Among the entries below, find each line holding "linetype" and return it.

**** SUPPLIED INFORMATION

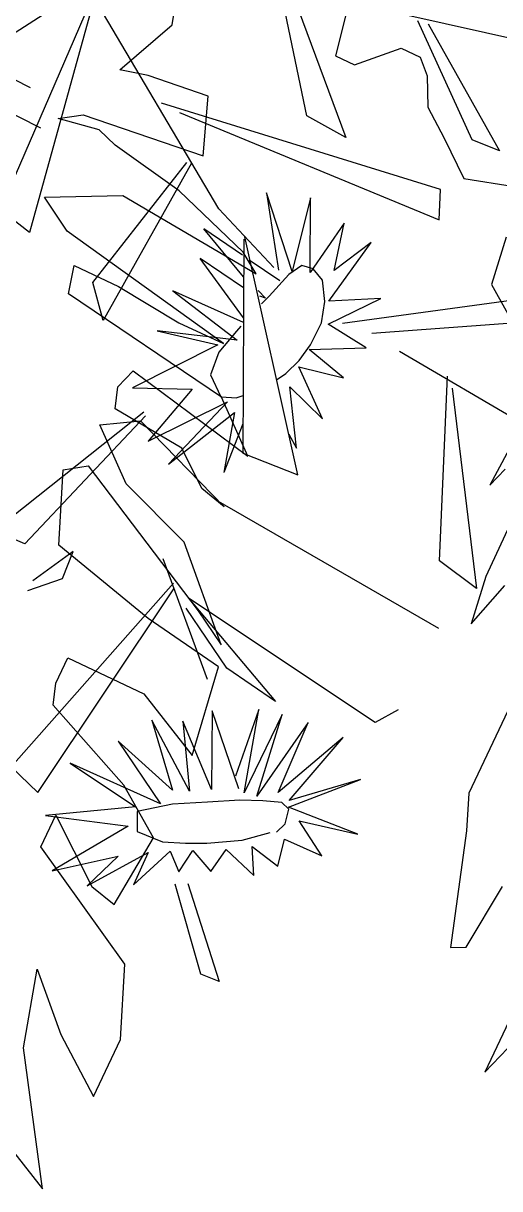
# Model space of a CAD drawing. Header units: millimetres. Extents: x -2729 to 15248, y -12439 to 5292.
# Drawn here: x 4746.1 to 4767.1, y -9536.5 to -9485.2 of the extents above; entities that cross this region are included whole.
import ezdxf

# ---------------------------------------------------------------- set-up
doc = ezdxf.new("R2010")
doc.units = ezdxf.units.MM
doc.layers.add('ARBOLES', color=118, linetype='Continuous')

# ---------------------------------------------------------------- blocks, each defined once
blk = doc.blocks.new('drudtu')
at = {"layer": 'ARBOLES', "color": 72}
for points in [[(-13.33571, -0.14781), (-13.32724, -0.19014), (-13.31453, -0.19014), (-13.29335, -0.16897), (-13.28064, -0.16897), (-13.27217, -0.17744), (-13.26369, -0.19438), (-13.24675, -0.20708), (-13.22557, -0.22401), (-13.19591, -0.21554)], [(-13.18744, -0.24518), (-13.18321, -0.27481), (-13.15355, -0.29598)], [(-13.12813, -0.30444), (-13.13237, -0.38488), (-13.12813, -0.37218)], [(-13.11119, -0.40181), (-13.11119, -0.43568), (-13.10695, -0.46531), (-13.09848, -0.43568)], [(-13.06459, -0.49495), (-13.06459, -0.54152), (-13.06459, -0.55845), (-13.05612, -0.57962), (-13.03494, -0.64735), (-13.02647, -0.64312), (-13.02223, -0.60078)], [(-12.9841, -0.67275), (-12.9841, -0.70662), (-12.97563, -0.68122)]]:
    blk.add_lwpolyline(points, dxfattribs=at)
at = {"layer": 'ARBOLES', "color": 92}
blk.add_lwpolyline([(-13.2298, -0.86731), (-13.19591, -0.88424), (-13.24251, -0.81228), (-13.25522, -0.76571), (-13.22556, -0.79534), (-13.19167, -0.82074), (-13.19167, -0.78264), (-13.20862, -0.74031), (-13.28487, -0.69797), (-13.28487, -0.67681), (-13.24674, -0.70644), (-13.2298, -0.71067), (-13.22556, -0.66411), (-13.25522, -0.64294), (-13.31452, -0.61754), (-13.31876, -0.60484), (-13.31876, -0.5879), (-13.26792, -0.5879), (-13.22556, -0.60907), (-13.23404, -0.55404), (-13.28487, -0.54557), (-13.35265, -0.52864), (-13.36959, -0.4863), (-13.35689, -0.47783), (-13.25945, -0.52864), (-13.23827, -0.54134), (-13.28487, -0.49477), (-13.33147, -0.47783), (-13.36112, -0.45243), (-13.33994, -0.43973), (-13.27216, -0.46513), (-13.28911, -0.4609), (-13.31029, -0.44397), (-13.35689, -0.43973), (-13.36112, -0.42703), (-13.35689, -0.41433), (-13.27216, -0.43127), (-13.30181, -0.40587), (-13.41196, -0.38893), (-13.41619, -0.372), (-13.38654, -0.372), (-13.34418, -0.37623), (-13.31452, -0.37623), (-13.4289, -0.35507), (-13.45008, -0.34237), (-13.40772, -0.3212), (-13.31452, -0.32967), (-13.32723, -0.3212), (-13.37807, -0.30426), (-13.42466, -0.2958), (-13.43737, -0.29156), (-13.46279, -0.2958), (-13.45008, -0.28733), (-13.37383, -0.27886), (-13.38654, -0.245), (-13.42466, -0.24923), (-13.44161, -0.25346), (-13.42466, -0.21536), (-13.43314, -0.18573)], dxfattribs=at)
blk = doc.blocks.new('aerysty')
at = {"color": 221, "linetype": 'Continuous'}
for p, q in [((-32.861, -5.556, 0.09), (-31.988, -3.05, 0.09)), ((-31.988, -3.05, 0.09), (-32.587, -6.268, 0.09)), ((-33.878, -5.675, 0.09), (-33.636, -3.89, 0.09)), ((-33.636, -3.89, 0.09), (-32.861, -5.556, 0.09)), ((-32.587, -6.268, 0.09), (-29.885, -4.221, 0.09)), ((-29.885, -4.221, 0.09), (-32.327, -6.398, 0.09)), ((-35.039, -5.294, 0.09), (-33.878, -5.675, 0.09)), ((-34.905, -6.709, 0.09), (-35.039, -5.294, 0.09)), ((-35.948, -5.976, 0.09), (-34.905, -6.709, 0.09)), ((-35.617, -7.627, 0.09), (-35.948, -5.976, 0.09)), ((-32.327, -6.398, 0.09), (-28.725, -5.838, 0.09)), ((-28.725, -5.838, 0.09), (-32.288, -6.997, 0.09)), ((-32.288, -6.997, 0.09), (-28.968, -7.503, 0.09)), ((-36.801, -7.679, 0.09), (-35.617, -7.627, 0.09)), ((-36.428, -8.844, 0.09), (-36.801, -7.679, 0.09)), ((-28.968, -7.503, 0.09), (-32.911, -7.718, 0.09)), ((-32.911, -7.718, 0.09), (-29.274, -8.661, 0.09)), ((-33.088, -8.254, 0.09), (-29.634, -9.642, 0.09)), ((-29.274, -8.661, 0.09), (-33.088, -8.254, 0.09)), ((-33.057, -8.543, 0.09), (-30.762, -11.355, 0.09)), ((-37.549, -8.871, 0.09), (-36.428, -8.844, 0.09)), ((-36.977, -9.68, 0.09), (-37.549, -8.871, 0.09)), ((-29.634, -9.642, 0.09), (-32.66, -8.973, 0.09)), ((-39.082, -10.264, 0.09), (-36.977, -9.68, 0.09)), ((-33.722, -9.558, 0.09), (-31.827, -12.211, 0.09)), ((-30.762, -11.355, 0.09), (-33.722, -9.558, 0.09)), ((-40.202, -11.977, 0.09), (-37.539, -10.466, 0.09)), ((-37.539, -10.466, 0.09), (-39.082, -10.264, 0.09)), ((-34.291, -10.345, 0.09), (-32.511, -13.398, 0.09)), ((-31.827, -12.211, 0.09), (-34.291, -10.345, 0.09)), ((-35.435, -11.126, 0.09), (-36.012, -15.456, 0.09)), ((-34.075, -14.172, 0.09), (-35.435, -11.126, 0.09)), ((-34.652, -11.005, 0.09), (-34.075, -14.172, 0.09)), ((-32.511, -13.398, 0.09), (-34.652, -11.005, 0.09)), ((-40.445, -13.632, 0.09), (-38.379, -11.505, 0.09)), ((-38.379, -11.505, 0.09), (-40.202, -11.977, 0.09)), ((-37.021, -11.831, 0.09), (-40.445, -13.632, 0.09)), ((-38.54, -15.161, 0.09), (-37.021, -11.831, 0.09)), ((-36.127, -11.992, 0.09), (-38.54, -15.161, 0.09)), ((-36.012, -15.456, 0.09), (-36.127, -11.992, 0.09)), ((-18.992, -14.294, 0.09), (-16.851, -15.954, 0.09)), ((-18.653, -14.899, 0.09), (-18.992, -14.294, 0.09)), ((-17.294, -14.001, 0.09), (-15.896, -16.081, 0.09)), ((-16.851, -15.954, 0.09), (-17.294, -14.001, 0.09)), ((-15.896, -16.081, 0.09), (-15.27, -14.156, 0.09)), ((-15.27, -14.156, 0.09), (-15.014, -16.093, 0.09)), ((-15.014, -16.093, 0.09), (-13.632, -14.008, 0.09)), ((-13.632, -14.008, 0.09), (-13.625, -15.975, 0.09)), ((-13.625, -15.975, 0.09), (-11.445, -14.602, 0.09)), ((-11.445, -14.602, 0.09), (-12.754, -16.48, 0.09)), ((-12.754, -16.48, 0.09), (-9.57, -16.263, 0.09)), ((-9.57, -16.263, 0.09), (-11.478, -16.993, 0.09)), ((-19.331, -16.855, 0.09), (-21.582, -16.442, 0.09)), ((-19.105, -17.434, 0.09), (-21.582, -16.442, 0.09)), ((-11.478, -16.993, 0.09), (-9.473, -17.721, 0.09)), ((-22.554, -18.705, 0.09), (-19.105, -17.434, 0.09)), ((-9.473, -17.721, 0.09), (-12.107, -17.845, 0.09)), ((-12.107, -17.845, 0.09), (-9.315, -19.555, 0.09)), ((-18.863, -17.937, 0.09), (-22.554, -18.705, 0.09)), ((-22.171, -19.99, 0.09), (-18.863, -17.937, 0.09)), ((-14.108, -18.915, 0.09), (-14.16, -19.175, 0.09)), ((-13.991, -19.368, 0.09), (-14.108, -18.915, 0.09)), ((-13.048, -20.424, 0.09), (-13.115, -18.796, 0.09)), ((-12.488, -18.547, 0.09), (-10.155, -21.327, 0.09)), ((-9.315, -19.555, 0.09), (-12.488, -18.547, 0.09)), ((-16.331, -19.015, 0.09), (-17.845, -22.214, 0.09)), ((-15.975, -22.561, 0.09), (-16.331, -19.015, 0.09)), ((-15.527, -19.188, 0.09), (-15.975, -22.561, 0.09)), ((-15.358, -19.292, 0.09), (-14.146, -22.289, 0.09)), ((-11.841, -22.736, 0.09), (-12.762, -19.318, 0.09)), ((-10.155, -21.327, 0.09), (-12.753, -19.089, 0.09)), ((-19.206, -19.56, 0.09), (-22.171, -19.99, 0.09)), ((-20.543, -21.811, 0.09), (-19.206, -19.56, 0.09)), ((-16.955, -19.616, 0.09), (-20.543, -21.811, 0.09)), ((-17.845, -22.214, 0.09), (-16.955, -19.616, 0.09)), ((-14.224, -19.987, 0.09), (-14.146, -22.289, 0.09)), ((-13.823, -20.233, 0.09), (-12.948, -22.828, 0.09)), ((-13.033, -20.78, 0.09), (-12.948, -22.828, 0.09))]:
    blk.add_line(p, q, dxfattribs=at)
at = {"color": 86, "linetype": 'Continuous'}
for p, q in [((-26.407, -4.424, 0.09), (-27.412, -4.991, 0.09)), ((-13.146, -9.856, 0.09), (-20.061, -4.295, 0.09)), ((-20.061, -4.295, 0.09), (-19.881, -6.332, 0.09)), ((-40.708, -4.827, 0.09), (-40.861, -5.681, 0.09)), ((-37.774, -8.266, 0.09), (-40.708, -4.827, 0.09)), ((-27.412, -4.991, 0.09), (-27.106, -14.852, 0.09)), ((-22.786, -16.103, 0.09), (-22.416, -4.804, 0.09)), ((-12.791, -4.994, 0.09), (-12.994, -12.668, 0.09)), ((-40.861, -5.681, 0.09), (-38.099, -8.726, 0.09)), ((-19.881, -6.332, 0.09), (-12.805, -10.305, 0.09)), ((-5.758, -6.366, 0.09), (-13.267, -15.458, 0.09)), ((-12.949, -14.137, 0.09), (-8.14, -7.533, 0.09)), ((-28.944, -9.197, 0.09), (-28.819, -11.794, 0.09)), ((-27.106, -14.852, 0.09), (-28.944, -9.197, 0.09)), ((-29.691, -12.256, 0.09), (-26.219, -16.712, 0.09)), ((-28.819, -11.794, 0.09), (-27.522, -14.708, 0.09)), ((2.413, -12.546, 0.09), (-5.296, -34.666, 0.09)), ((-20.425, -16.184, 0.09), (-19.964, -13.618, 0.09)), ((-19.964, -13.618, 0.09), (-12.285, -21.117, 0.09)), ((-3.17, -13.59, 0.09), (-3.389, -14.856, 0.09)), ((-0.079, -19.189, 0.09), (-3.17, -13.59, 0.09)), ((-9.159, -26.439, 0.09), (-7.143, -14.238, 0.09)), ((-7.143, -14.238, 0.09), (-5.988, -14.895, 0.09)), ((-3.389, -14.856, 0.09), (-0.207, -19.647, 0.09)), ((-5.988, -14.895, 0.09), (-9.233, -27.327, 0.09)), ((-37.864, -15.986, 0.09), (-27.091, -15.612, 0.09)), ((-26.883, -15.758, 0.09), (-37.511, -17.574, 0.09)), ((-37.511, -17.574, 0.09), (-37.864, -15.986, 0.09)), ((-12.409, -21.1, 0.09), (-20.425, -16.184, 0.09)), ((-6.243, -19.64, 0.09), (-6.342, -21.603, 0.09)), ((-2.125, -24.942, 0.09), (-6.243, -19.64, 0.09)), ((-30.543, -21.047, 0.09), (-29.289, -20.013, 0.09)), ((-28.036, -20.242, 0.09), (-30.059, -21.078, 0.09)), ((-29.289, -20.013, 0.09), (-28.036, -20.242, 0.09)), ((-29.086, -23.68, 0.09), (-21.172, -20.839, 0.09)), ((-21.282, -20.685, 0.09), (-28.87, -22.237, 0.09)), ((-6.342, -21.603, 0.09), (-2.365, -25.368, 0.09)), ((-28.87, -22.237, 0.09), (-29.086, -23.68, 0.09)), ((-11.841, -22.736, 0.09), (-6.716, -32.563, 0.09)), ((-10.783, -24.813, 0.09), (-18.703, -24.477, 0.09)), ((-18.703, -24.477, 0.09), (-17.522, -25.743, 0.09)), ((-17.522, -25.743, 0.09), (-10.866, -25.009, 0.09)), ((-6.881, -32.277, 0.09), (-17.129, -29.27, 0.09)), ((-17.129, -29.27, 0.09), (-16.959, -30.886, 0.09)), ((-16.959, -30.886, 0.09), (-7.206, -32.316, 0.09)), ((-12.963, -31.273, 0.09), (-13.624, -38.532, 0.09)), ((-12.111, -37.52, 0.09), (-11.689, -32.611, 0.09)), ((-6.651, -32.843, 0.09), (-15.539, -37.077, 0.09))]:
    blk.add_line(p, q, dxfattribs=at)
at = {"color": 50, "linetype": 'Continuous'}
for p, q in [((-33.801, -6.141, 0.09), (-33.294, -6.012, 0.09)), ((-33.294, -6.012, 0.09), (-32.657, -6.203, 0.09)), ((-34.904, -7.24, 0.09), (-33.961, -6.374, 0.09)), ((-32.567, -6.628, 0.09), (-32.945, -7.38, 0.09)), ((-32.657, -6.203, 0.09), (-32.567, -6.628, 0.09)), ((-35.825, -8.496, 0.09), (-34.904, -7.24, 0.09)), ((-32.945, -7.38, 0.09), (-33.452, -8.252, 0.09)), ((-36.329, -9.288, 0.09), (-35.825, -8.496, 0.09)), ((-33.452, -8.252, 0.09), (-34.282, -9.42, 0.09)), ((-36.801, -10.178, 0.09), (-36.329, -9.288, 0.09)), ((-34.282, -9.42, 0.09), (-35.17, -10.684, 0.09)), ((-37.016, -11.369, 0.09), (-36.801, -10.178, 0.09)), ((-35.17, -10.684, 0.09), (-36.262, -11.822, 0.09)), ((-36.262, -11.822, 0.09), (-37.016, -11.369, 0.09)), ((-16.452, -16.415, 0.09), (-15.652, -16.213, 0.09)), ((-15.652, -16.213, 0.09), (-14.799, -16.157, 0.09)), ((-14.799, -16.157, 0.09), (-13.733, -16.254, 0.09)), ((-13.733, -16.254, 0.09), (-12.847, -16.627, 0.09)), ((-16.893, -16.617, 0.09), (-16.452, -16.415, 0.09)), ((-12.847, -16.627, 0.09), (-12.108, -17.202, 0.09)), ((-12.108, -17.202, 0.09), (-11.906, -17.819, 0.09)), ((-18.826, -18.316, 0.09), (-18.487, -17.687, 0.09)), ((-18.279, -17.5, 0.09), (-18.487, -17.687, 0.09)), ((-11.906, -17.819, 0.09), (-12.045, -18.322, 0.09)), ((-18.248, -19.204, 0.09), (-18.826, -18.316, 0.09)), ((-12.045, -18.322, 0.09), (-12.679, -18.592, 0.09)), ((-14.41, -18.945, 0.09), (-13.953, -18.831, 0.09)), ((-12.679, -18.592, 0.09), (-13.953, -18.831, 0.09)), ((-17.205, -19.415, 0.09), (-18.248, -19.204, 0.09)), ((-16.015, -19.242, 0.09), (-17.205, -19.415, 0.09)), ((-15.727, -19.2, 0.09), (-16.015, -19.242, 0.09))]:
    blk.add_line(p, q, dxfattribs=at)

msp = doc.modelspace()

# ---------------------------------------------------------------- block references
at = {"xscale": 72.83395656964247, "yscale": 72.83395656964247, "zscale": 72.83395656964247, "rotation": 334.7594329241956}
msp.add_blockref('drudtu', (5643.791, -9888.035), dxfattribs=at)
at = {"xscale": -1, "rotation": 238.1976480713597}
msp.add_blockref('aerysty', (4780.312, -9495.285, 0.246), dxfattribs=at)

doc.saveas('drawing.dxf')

********

[SOLUTION FOR THIS EXERCISE]:
doc.layers.add('ARBOLES', color=118, linetype='Continuous')
at = {"color": 221, "linetype": 'Continuous'}
at = {"color": 86, "linetype": 'Continuous'}
at = {"color": 50, "linetype": 'Continuous'}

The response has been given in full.